## DIRECTIONS:
Determine how many lines in the records include "units". Write the number and nothing more.
=== Section Start ===
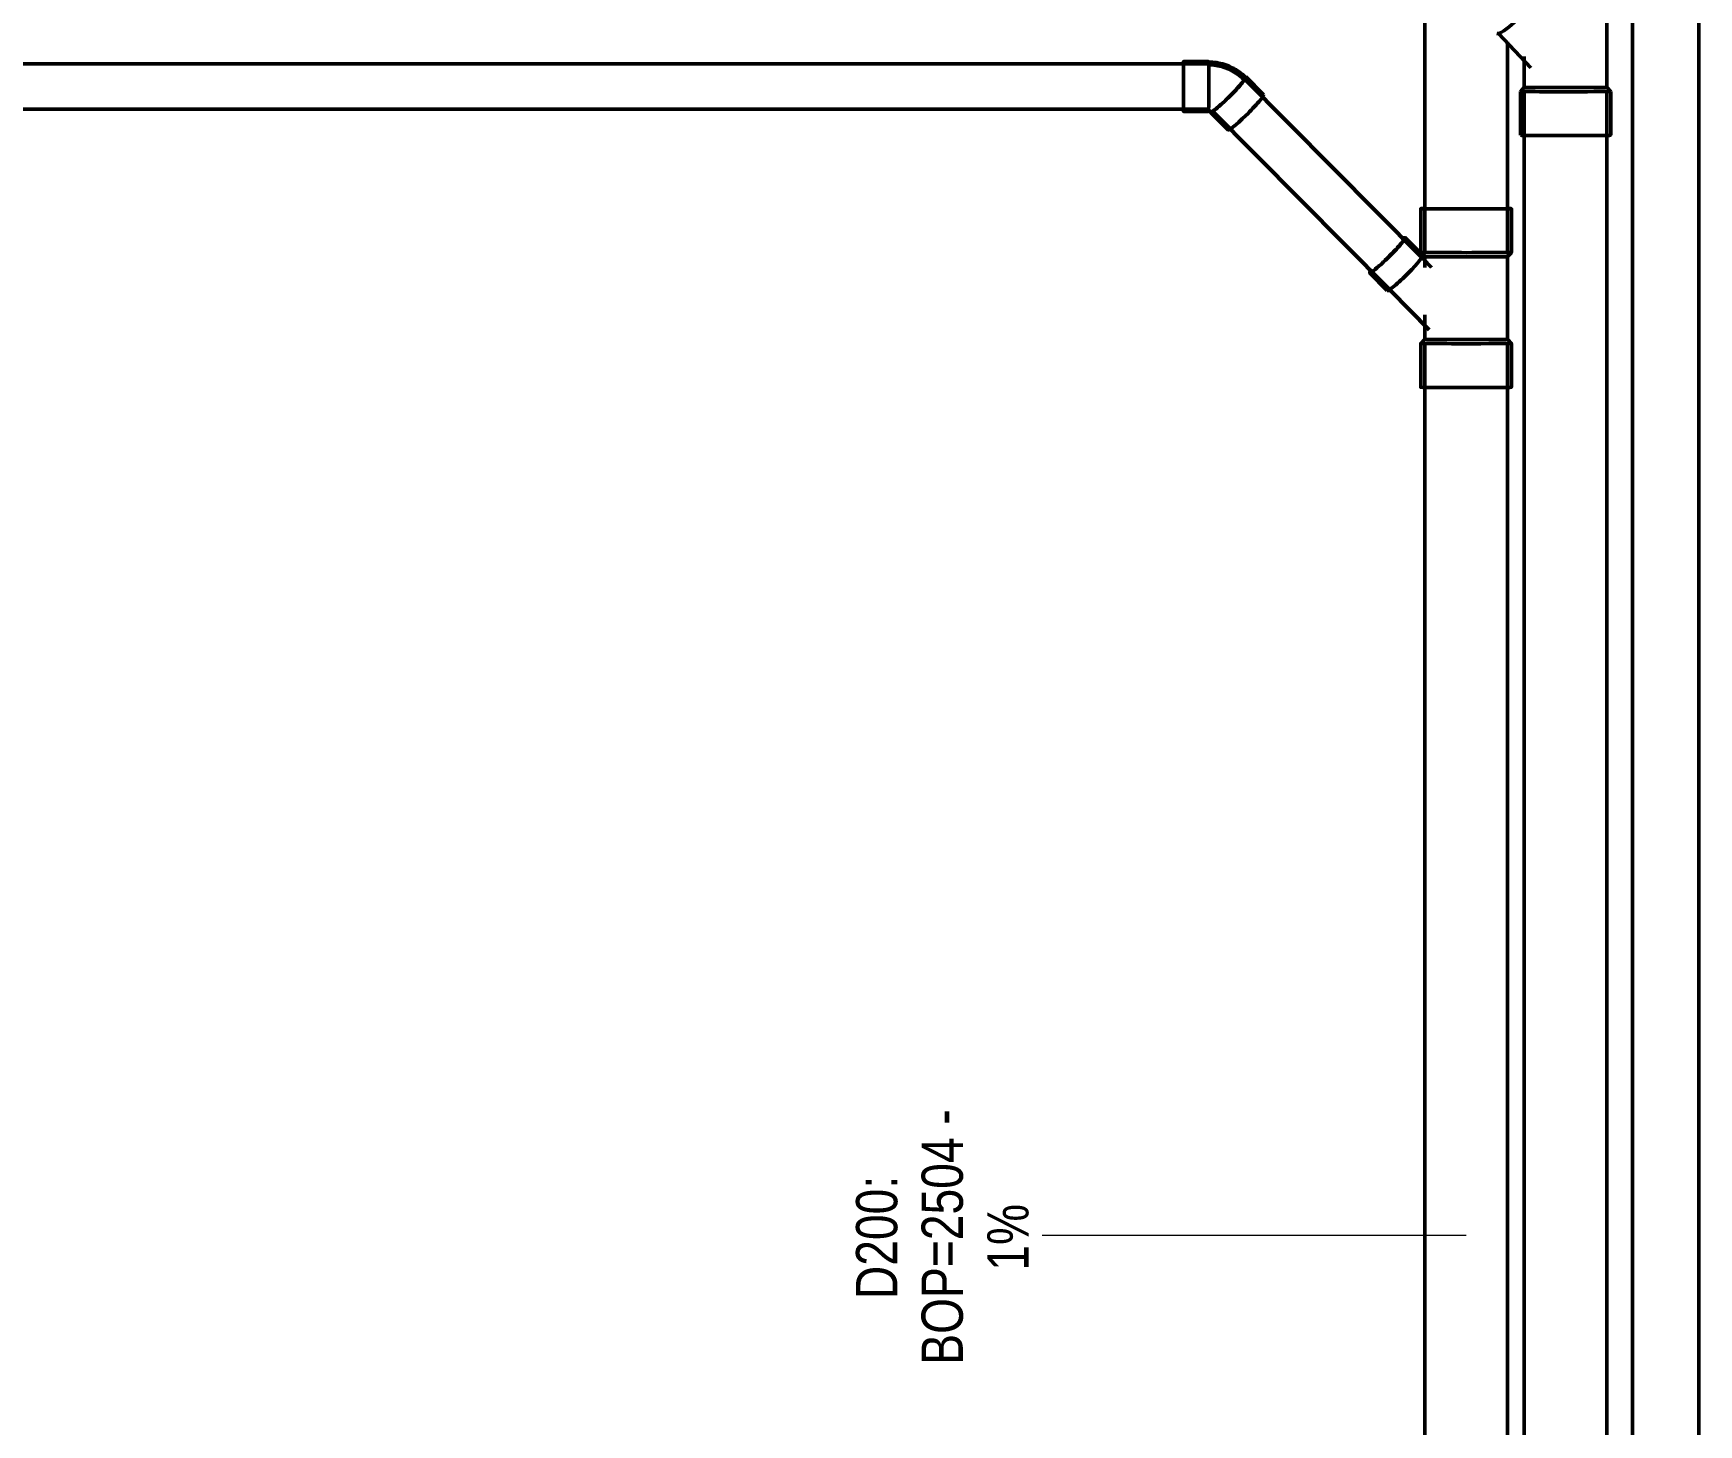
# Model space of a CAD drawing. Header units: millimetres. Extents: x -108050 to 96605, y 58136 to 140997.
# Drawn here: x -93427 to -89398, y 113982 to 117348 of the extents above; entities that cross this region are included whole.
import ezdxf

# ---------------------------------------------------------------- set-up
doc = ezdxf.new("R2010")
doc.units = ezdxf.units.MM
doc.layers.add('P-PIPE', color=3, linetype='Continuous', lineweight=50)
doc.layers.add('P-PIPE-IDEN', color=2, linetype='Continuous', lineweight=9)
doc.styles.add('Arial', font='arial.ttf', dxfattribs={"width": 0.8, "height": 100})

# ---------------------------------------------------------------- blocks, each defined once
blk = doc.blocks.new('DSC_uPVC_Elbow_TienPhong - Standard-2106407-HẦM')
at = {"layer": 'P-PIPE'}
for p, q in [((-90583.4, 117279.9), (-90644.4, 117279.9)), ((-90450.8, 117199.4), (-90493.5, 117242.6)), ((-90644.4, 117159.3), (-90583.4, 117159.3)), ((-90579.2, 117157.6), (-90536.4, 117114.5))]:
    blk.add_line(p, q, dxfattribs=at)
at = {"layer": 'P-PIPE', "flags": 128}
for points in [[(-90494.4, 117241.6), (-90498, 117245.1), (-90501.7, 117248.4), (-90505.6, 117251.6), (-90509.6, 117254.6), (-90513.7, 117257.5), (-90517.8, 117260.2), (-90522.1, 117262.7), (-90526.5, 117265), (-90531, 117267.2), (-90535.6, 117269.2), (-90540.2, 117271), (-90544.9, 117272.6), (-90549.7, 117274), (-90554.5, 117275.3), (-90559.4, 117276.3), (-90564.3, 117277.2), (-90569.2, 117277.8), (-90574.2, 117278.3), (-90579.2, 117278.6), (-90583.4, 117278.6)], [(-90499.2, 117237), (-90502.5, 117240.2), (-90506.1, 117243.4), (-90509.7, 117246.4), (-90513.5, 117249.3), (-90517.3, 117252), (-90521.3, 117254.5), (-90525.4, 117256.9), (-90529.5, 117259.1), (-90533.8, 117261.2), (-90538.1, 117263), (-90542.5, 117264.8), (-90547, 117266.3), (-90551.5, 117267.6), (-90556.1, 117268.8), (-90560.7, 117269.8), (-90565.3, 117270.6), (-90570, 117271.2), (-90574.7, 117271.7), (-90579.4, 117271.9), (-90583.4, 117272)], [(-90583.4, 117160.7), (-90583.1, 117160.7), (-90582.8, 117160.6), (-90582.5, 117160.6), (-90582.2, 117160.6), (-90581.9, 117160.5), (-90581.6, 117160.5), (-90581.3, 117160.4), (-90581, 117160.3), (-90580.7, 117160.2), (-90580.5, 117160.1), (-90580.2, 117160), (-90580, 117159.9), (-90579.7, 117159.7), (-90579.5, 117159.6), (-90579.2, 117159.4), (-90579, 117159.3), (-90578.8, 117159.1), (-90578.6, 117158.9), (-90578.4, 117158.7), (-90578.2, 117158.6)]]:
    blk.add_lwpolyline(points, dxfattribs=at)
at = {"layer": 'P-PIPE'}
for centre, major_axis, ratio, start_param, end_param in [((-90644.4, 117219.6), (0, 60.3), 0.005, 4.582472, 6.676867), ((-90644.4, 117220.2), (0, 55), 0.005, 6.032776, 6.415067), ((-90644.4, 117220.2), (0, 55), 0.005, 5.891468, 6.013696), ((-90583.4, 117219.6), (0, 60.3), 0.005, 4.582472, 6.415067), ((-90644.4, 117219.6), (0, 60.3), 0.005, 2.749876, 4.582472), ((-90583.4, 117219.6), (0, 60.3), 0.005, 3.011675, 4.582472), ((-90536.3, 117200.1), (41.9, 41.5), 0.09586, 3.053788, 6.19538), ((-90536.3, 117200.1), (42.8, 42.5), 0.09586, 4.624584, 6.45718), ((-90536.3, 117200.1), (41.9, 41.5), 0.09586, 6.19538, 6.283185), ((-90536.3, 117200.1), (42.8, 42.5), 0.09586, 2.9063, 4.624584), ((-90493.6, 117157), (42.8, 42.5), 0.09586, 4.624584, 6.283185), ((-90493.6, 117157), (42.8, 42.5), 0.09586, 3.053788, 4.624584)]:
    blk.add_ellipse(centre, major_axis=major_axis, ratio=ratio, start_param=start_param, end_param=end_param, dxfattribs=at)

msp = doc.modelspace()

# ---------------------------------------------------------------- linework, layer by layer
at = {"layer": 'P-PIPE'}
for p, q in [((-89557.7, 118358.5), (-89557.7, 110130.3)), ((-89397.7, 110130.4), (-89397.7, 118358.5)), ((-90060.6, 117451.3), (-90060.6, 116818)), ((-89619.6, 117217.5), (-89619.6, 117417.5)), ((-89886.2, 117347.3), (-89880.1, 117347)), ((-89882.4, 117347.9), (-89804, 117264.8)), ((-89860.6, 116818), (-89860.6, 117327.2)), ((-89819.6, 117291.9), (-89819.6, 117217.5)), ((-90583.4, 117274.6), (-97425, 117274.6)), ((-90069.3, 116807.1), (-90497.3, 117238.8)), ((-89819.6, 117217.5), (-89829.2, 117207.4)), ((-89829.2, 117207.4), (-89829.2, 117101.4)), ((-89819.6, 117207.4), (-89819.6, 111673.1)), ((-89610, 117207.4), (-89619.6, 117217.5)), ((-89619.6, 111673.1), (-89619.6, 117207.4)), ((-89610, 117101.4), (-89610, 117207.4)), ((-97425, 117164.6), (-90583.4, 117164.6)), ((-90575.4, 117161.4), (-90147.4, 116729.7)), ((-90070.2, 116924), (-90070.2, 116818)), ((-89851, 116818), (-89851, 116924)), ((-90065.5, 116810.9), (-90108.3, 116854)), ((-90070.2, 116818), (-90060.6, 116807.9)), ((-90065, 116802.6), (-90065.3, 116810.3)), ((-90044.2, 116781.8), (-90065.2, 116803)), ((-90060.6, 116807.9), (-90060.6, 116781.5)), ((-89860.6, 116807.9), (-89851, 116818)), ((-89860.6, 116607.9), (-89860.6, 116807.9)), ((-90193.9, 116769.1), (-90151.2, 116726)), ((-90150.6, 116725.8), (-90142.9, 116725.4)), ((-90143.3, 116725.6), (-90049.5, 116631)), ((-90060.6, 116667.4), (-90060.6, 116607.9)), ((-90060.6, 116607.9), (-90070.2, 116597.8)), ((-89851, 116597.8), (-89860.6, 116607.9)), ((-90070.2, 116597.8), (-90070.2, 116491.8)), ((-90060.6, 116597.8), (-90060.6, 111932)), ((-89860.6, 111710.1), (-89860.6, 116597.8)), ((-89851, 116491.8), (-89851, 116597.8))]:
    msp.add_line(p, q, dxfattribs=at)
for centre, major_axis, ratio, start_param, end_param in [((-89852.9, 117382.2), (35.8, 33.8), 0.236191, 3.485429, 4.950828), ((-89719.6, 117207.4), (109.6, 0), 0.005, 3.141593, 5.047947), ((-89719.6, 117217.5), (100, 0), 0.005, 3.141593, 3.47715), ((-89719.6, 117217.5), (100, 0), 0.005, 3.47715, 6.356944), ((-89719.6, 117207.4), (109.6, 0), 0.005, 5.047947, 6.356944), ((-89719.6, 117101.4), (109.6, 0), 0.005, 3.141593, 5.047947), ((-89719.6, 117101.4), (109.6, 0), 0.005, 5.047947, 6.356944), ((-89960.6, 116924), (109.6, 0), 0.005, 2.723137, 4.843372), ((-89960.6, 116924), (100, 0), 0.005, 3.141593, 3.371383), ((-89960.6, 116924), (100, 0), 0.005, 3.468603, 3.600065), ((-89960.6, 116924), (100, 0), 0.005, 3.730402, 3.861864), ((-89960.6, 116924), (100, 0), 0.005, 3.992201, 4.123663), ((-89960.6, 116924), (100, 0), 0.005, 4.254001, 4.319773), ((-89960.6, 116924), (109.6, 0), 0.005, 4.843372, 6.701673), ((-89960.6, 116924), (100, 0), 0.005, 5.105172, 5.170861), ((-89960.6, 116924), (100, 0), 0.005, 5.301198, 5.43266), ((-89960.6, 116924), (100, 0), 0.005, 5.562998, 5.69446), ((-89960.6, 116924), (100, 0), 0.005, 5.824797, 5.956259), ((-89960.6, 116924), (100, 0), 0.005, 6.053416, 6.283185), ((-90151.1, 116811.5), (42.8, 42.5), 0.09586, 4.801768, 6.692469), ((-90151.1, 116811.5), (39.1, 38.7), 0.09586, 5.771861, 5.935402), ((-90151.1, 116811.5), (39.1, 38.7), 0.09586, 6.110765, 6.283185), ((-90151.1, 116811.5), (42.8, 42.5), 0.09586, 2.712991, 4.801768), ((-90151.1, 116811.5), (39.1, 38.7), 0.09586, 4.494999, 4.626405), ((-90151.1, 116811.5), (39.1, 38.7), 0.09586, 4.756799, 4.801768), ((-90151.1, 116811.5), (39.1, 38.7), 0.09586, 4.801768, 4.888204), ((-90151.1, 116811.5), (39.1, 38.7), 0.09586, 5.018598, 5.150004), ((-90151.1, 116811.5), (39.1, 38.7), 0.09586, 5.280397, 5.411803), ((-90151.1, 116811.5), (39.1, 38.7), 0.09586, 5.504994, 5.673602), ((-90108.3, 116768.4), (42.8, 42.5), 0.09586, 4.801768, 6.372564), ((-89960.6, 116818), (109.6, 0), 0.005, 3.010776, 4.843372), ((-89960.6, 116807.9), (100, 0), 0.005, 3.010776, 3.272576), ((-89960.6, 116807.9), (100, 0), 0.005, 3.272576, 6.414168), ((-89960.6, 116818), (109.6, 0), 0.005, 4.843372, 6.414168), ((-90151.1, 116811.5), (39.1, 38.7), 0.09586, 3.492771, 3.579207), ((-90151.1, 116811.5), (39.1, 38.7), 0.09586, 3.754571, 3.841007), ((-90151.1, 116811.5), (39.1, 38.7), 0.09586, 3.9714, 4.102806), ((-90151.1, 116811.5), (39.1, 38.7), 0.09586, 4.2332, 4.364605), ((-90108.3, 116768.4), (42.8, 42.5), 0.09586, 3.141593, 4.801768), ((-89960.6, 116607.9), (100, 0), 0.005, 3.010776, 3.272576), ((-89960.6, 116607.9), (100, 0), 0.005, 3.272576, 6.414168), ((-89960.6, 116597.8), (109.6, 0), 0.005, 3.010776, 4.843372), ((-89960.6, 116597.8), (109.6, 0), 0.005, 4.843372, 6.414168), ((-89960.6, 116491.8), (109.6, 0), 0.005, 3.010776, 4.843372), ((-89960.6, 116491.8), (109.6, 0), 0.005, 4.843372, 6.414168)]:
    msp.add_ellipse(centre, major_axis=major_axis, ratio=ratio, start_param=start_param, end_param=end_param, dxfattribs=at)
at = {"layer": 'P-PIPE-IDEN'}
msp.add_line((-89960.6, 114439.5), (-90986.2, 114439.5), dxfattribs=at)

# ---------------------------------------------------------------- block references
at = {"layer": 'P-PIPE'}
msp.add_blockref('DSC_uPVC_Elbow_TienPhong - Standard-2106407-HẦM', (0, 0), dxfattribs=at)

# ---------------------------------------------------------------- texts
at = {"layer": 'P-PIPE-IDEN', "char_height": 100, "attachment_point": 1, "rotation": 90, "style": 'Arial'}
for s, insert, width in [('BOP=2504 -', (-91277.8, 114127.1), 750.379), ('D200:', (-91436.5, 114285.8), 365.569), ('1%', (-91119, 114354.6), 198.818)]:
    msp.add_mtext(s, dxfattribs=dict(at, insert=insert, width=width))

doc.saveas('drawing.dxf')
=== Section End ===
## EXERCISE ANSWER:
2